As a bishop, Nicholas was invited to attend and participate in the Council of Nicaea. But you won’t find a reference to his right hook in any of contemporaneous literature of official church records. On his blog, Roger Pearse has used the work of Gustav Anrich to track down the evidence for the story. The earliest snippet he could find was a brief story attributed to a man named Petrus de Natalibus, a late fourteenth century bishop of Equilio (near Venice). According to Petrus: “It happened that saint Nicholas, now an old man, was present at the Council of Nicaea, and out of jealousy of faith struck a certain Arian in the jaw, on account of which it is recorded that he was deprived of his mitre and pallium; on account of which he is often depicted without a mitre” (Translation from Pearse).

What you’ll notice immediately is that in the earliest version we have, Nicholas isn’t said to have slapped Arius himself but rather “an Arian.” Pearse traces the next stage of the argument to a sixteenth century legend compiled by Damascenos the Monk.

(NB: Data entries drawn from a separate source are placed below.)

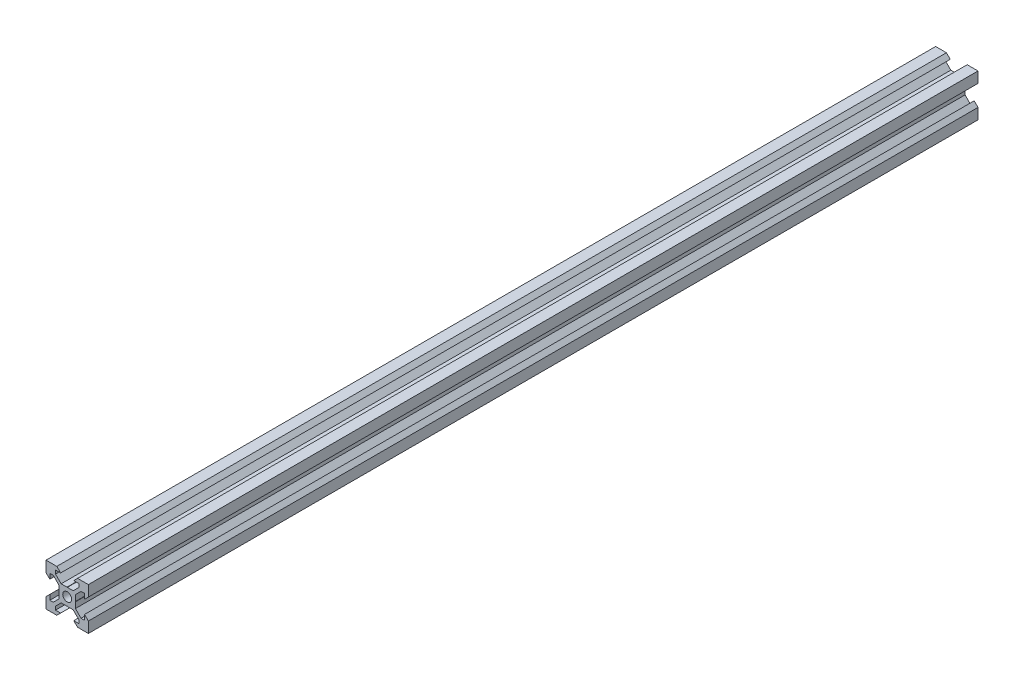
from build123d import *

# Parameters (mm, degrees)
SKETCH1_R           = 2.1
BOSS_EXTRUDE1_DEPTH = 420
CUT_EXTRUDE1_DEPTH  = 420


# Read off the part's stored shape, not the designer's step: Cut-Extrude1
with BuildPart() as part:
    # Sketch1 → Boss-Extrude1 (new body)
    with BuildSketch(Plane.XY):
        Polygon((-10, -4.9), (-10, -10), (-4.9, -10), (-3.1, -8.2), (-5.499339828, -8.2), (-5.499339828, -6.56), (-2.84, -3.900660172), (2.84, -3.900660172), (5.499339828, -6.56), (5.499339828, -8.2), (3.1, -8.2), (4.9, -10), (10, -10), (10, -4.9), (8.2, -3.1), (8.2, -5.499339828), (6.56, -5.499339828), (3.900660172, -2.84), (3.900660172, 2.84), (6.56, 5.499339828), (8.2, 5.499339828), (8.2, 3.1), (10, 4.9), (10, 10), (4.9, 10), (3.1, 8.2), (5.499339828, 8.2), (5.499339828, 6.56), (2.84, 3.900660172), (-2.84, 3.900660172), (-5.499339828, 6.56), (-5.499339828, 8.2), (-3.1, 8.2), (-4.9, 10), (-10, 10), (-10, 4.9), (-8.2, 3.1), (-8.2, 5.499339828), (-6.56, 5.499339828), (-3.900660172, 2.84), (-3.900660172, -2.84), (-6.56, -5.499339828), (-8.2, -5.499339828), (-8.2, -3.1), align=None)
        with Locations(Location((0, 0, 0), (0, 0, 270))):
            Circle(SKETCH1_R, mode=Mode.SUBTRACT)
    extrude(amount=BOSS_EXTRUDE1_DEPTH)

    # Cut-Extrude1 outline → Cut-Extrude1 (cut)
    with BuildSketch(Plane.XY):
        with BuildLine():
            ThreePointArc((3.900660172, 0.1), (3.800660172, 0), (3.900660172, -0.1))
            Line((3.900660172, -0.1), (3.900660172, 0.1))
        make_face()
        with BuildLine():
            ThreePointArc((0.1, -3.900660172), (0, -3.800660172), (-0.1, -3.900660172))
            Line((-0.1, -3.900660172), (0.1, -3.900660172))
        make_face()
        with BuildLine():
            ThreePointArc((-3.900660172, -0.1), (-3.800660172, 0), (-3.900660172, 0.1))
            Line((-3.900660172, 0.1), (-3.900660172, -0.1))
        make_face()
        with BuildLine():
            ThreePointArc((-0.1, 3.900660172), (0, 3.800660172), (0.1, 3.900660172))
            Line((0.1, 3.900660172), (-0.1, 3.900660172))
        make_face()
    extrude(amount=CUT_EXTRUDE1_DEPTH, mode=Mode.SUBTRACT)


solid = part.part
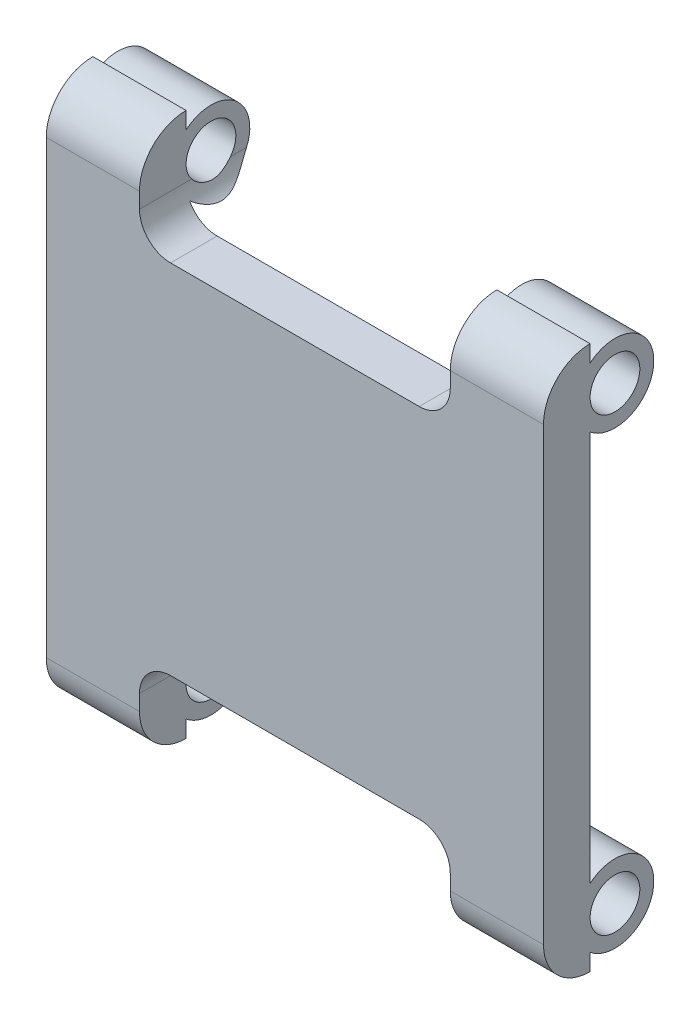
from build123d import *

# Parameters (mm, degrees)
SKETCH1_W                       = 32
SKETCH1_H                       = 35
BOSS_EXTRUDE1_DEPTH             = 3
BOSS_EXTRUDE2_REACH             = 40.601
SKETCH4_R                       = 2.5
SKETCH4_R_2                     = 1.6
BOSS_EXTRUDE2_DIRECTION_2_REACH = 40.601
CUT_EXTRUDE1_DEPTH              = 40.133233958
FILLET1_R                       = 3


with BuildPart() as part:
    # Sketch1 → Boss-Extrude1 (new body)
    with BuildSketch(Plane.XY):
        with Locations((0, 17.5)):
            Rectangle(SKETCH1_W, SKETCH1_H)
    extrude(amount=BOSS_EXTRUDE1_DEPTH)

    # Boss-Extrude2: up to this face of the body (flat: up to its plane)
    boss_extrude2_end = Plane(part.part.faces().sort_by_distance((16, 17.5, 1.5))[0])
    # Sketch4 → Boss-Extrude2 (add, up to the picked face)
    with BuildSketch(Plane(origin=(0, 0, 0), x_dir=(0, 0, -1), z_dir=(1, 0, 0)), mode=Mode.PRIVATE) as boss_extrude2_sk1:
        with Locations((1.6, 32)):
            Circle(SKETCH4_R)
        with Locations(Location((1.6, 32, 0), (0, 0, 180))):
            Circle(SKETCH4_R_2, mode=Mode.SUBTRACT)
    boss_extrude2_tool1 = split(extrude(boss_extrude2_sk1.sketch, amount=BOSS_EXTRUDE2_REACH, mode=Mode.PRIVATE), bisect_by=boss_extrude2_end, keep=Keep.BOTH, mode=Mode.PRIVATE)
    # Sketch4 → Boss-Extrude2 (add, up to the picked face)
    with BuildSketch(Plane(origin=(0, 0, 0), x_dir=(0, 0, -1), z_dir=(1, 0, 0)), mode=Mode.PRIVATE) as boss_extrude2_sk2:
        with Locations((1.6, 3)):
            Circle(SKETCH4_R)
        with Locations(Location((1.6, 3, 0), (0, 0, 180))):
            Circle(SKETCH4_R_2, mode=Mode.SUBTRACT)
    boss_extrude2_tool2 = split(extrude(boss_extrude2_sk2.sketch, amount=BOSS_EXTRUDE2_REACH, mode=Mode.PRIVATE), bisect_by=boss_extrude2_end, keep=Keep.BOTH, mode=Mode.PRIVATE)
    add(boss_extrude2_tool1.solids().sort_by(Axis((0, 32, 0.829289), (1, 0, 0)))[0])
    add(boss_extrude2_tool2.solids().sort_by(Axis((0, 3, 0.829289), (1, 0, 0)))[0])

    # Boss-Extrude2 direction 2: up to this face of the body (flat: up to its plane)
    boss_extrude2_direction_2_end = Plane(part.part.faces().sort_by_distance((-16, 17.5, 1.5))[0])
    # Sketch4 → Boss-Extrude2 direction 2 (add, up to the picked face)
    with BuildSketch(Plane(origin=(0, 0, 0), x_dir=(0, 0, -1), z_dir=(1, 0, 0)), mode=Mode.PRIVATE) as boss_extrude2_direction_2_sk1:
        with Locations((1.6, 32)):
            Circle(SKETCH4_R)
        with Locations(Location((1.6, 32, 0), (0, 0, 180))):
            Circle(SKETCH4_R_2, mode=Mode.SUBTRACT)
    boss_extrude2_direction_2_tool1 = split(extrude(boss_extrude2_direction_2_sk1.sketch, amount=-BOSS_EXTRUDE2_DIRECTION_2_REACH, mode=Mode.PRIVATE), bisect_by=boss_extrude2_direction_2_end, keep=Keep.BOTH, mode=Mode.PRIVATE)
    # Sketch4 → Boss-Extrude2 direction 2 (add, up to the picked face)
    with BuildSketch(Plane(origin=(0, 0, 0), x_dir=(0, 0, -1), z_dir=(1, 0, 0)), mode=Mode.PRIVATE) as boss_extrude2_direction_2_sk2:
        with Locations((1.6, 3)):
            Circle(SKETCH4_R)
        with Locations(Location((1.6, 3, 0), (0, 0, 180))):
            Circle(SKETCH4_R_2, mode=Mode.SUBTRACT)
    boss_extrude2_direction_2_tool2 = split(extrude(boss_extrude2_direction_2_sk2.sketch, amount=-BOSS_EXTRUDE2_DIRECTION_2_REACH, mode=Mode.PRIVATE), bisect_by=boss_extrude2_direction_2_end, keep=Keep.BOTH, mode=Mode.PRIVATE)
    add(boss_extrude2_direction_2_tool1.solids().sort_by(Axis((0, 32, 0.829289), (-1, 0, 0)))[0])
    add(boss_extrude2_direction_2_tool2.solids().sort_by(Axis((0, 3, 0.829289), (-1, 0, 0)))[0])

    # Sketch5 → Cut-Extrude1 (cut, through all)
    with BuildSketch(Plane.XY.offset(3)):
        with BuildLine():
            Line((-10, 35), (-10, 31))
            ThreePointArc((-10, 31), (-9.414213562, 29.585786438), (-8, 29))
            Line((-8, 29), (8, 29))
            ThreePointArc((8, 29), (9.414213562, 29.585786438), (10, 31))
            Line((10, 31), (10, 35))
            Line((10, 35), (-10, 35))
        make_face()
        with BuildLine():
            Line((-10, 0), (-10, 4))
            ThreePointArc((-10, 4), (-9.414213562, 5.414213562), (-8, 6))
            Line((-8, 6), (8, 6))
            ThreePointArc((8, 6), (9.414213562, 5.414213562), (10, 4))
            Line((10, 4), (10, 0))
            Line((10, 0), (-10, 0))
        make_face()
    extrude(amount=-CUT_EXTRUDE1_DEPTH, mode=Mode.SUBTRACT)

    # Fillet1
    fillet1_edges = [part.edges().sort_by_distance(p)[0] for p in [
        (13, 0, 3),
        (-13, 0, 3),
        (13, 35, 3),
        (-13, 35, 3),
    ]]
    fillet(fillet1_edges, radius=FILLET1_R - 0.0001)  # a hair under: the kernel refuses the full size


solid = part.part
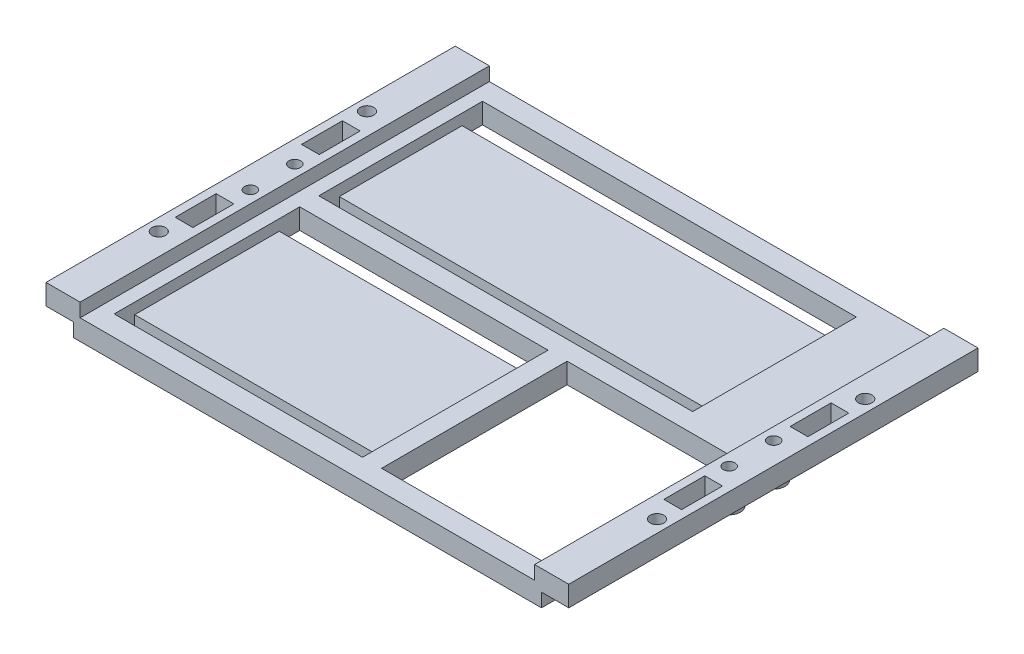
from build123d import *

# Parameters (mm, degrees)
PLATEFRAME_DEPTH          = 150
SKETCH3_R                 = 2.5
HOLESUPPORT_DEPTH         = 244.653052515
SKETCH4_R                 = 4.15
SKETCH4_R_2               = 2.15
CYLINDRICALSUPPORTS_DEPTH = 12.5
SKETCH8_W                 = 137
SKETCH8_H                 = 60
SKETCH8_W_2               = 91
SKETCH8_H_2               = 68
ITEMLAYOUT_DEPTH          = 4
SKETCH9_W                 = 58.6
SKETCH9_H                 = 68
HOLECUTOUT_DEPTH          = 7.5
SKETCH10_W                = 91
SKETCH10_H                = 7.5
SKETCH10_W_2              = 137
VELCROCUT_DEPTH           = 3.5
SKETCH11_W                = 6.5
SKETCH11_H                = 15
CUTSHELLHOLES_DEPTH       = 12.5
SKETCH12_R                = 2.5
STANDOFFHOLES_DEPTH       = 244.653052515
SKETCH13_W                = 2.5
SKETCH13_H                = 41
CUTSTANDOFFROOM_DEPTH     = 5


with BuildPart() as part:
    # Sketch2 → PlateFrame (new body)
    with BuildSketch(Plane.XY):
        Polygon((179.1, 12.5), (191.6, 12.5), (191.6, 5), (184.1, 5), (184.1, 0), (7.5, 0), (7.5, 5), (0, 5), (0, 12.5), (12.5, 12.5), (12.5, 7.5), (179.1, 7.5), align=None)
    extrude(amount=PLATEFRAME_DEPTH)

    # Sketch3 → HoleSupport (cut, through all)
    with BuildSketch(Plane(origin=(0, 12.5, 0), x_dir=(1, 0, 0), z_dir=(0, 1, 0))):
        with Locations((8.05, -66.85)):
            Circle(SKETCH3_R)
        with Locations((8.05, -83.15)):
            Circle(SKETCH3_R)
        with Locations((183.55, -66.85)):
            Circle(SKETCH3_R)
        with Locations((183.55, -83.15)):
            Circle(SKETCH3_R)
    extrude(amount=-HOLESUPPORT_DEPTH, mode=Mode.SUBTRACT)

    # Sketch4 → CylindricalSupports (add)
    # profile 1 of 4: a face of its own
    with BuildSketch(Plane(origin=(0, 12.5, 0), x_dir=(1, 0, 0), z_dir=(0, 1, 0))):
        with Locations((183.55, -66.85)):
            Circle(SKETCH4_R)
        with Locations((183.55, -66.85)):
            Circle(SKETCH4_R_2, mode=Mode.SUBTRACT)
    # profile 2 of 4: a face of its own
    with BuildSketch(Plane(origin=(0, 12.5, 0), x_dir=(1, 0, 0), z_dir=(0, 1, 0))):
        with Locations((183.55, -83.15)):
            Circle(SKETCH4_R)
        with Locations((183.55, -83.15)):
            Circle(SKETCH4_R_2, mode=Mode.SUBTRACT)
    # profile 3 of 4: a face of its own
    with BuildSketch(Plane(origin=(0, 12.5, 0), x_dir=(1, 0, 0), z_dir=(0, 1, 0))):
        with Locations((8.05, -66.85)):
            Circle(SKETCH4_R)
        with Locations((8.05, -66.85)):
            Circle(SKETCH4_R_2, mode=Mode.SUBTRACT)
    # profile 4 of 4: a face of its own
    with BuildSketch(Plane(origin=(0, 12.5, 0), x_dir=(1, 0, 0), z_dir=(0, 1, 0))):
        with Locations((8.05, -83.15)):
            Circle(SKETCH4_R)
        with Locations((8.05, -83.15)):
            Circle(SKETCH4_R_2, mode=Mode.SUBTRACT)
    extrude(amount=-CYLINDRICALSUPPORTS_DEPTH)

    # Sketch8 → ItemLayout (cut)
    with BuildSketch(Plane(origin=(0, 7.5, 0), x_dir=(1, 0, 0), z_dir=(0, 1, 0))):
        with Locations((86, -37.5)):
            Rectangle(SKETCH8_W, SKETCH8_H)
        with Locations((63, -108.5)):
            Rectangle(SKETCH8_W_2, SKETCH8_H_2)
    extrude(amount=-ITEMLAYOUT_DEPTH, mode=Mode.SUBTRACT)

    # Sketch9 → HoleCutout (cut)
    with BuildSketch(Plane(origin=(0, 7.5, 0), x_dir=(1, 0, 0), z_dir=(0, 1, 0))):
        with Locations((144.8, -108.5)):
            Rectangle(SKETCH9_W, SKETCH9_H)
    extrude(amount=-HOLECUTOUT_DEPTH, mode=Mode.SUBTRACT)

    # Sketch10 → VelcroCut (cut)
    with BuildSketch(Plane(origin=(0, 3.5, 0), x_dir=(1, 0, 0), z_dir=(0, 1, 0))):
        with Locations((63, -78.25)):
            Rectangle(SKETCH10_W, SKETCH10_H)
        with Locations((63, -138.75)):
            Rectangle(SKETCH10_W, SKETCH10_H)
        with Locations((86, -11.25)):
            Rectangle(SKETCH10_W_2, SKETCH10_H)
        with Locations((86, -63.75)):
            Rectangle(SKETCH10_W_2, SKETCH10_H)
    extrude(amount=-VELCROCUT_DEPTH, mode=Mode.SUBTRACT)

    # Sketch11 → CutShellHoles (cut)
    with BuildSketch(Plane(origin=(0, 12.5, 0), x_dir=(1, 0, 0), z_dir=(0, 1, 0))):
        with Locations((6.25, -51.85)):
            Rectangle(SKETCH11_W, SKETCH11_H)
        with Locations((185.35, -51.85)):
            Rectangle(SKETCH11_W, SKETCH11_H)
        with Locations((185.35, -98.15)):
            Rectangle(SKETCH11_W, SKETCH11_H)
        with Locations((6.25, -98.15)):
            Rectangle(SKETCH11_W, SKETCH11_H)
    extrude(amount=-CUTSHELLHOLES_DEPTH, mode=Mode.SUBTRACT)

    # Sketch12 → StandoffHoles (cut, through all)
    with BuildSketch(Plane(origin=(0, 12.5, 0), x_dir=(1, 0, 0), z_dir=(0, 1, 0))):
        with Locations((4.5, -36.85)):
            Circle(SKETCH12_R)
        with Locations((4.5, -113.15)):
            Circle(SKETCH12_R)
        with Locations((187.1, -36.85)):
            Circle(SKETCH12_R)
        with Locations((187.1, -113.15)):
            Circle(SKETCH12_R)
    extrude(amount=-STANDOFFHOLES_DEPTH, mode=Mode.SUBTRACT)

    # Sketch13 → CutStandoffRoom (cut)
    with BuildSketch(Plane.XZ):
        with Locations((8.75, 20.5)):
            Rectangle(SKETCH13_W, SKETCH13_H)
        with Locations((8.75, 129.5)):
            Rectangle(SKETCH13_W, SKETCH13_H)
        with Locations((182.85, 129.5)):
            Rectangle(SKETCH13_W, SKETCH13_H)
        with Locations((182.85, 20.5)):
            Rectangle(SKETCH13_W, SKETCH13_H)
    extrude(amount=-CUTSTANDOFFROOM_DEPTH, mode=Mode.SUBTRACT)


solid = part.part

This appears to be the first version in which Nicholas squared off against the arch-heretic himself.

All of this suggests that it’s highly unlikely that Santa punched Arius if, in fact, he punched anyone at all. The legend first emerges a millennium after the Council of Nicaea and doesn’t, in its original telling, involve Arius. This is just one of the many strange stories that emerged in order to portray Arius negatively.

Though it would be unspeakably cool if the jolly man in the red suit was more a Die Hard Christmas hero than a Disney movie Santa, the events seem to be largely mythical. This doesn’t mean that you have to give up your memes, though. After all, this is hardly the biggest lie that people tell about Santa.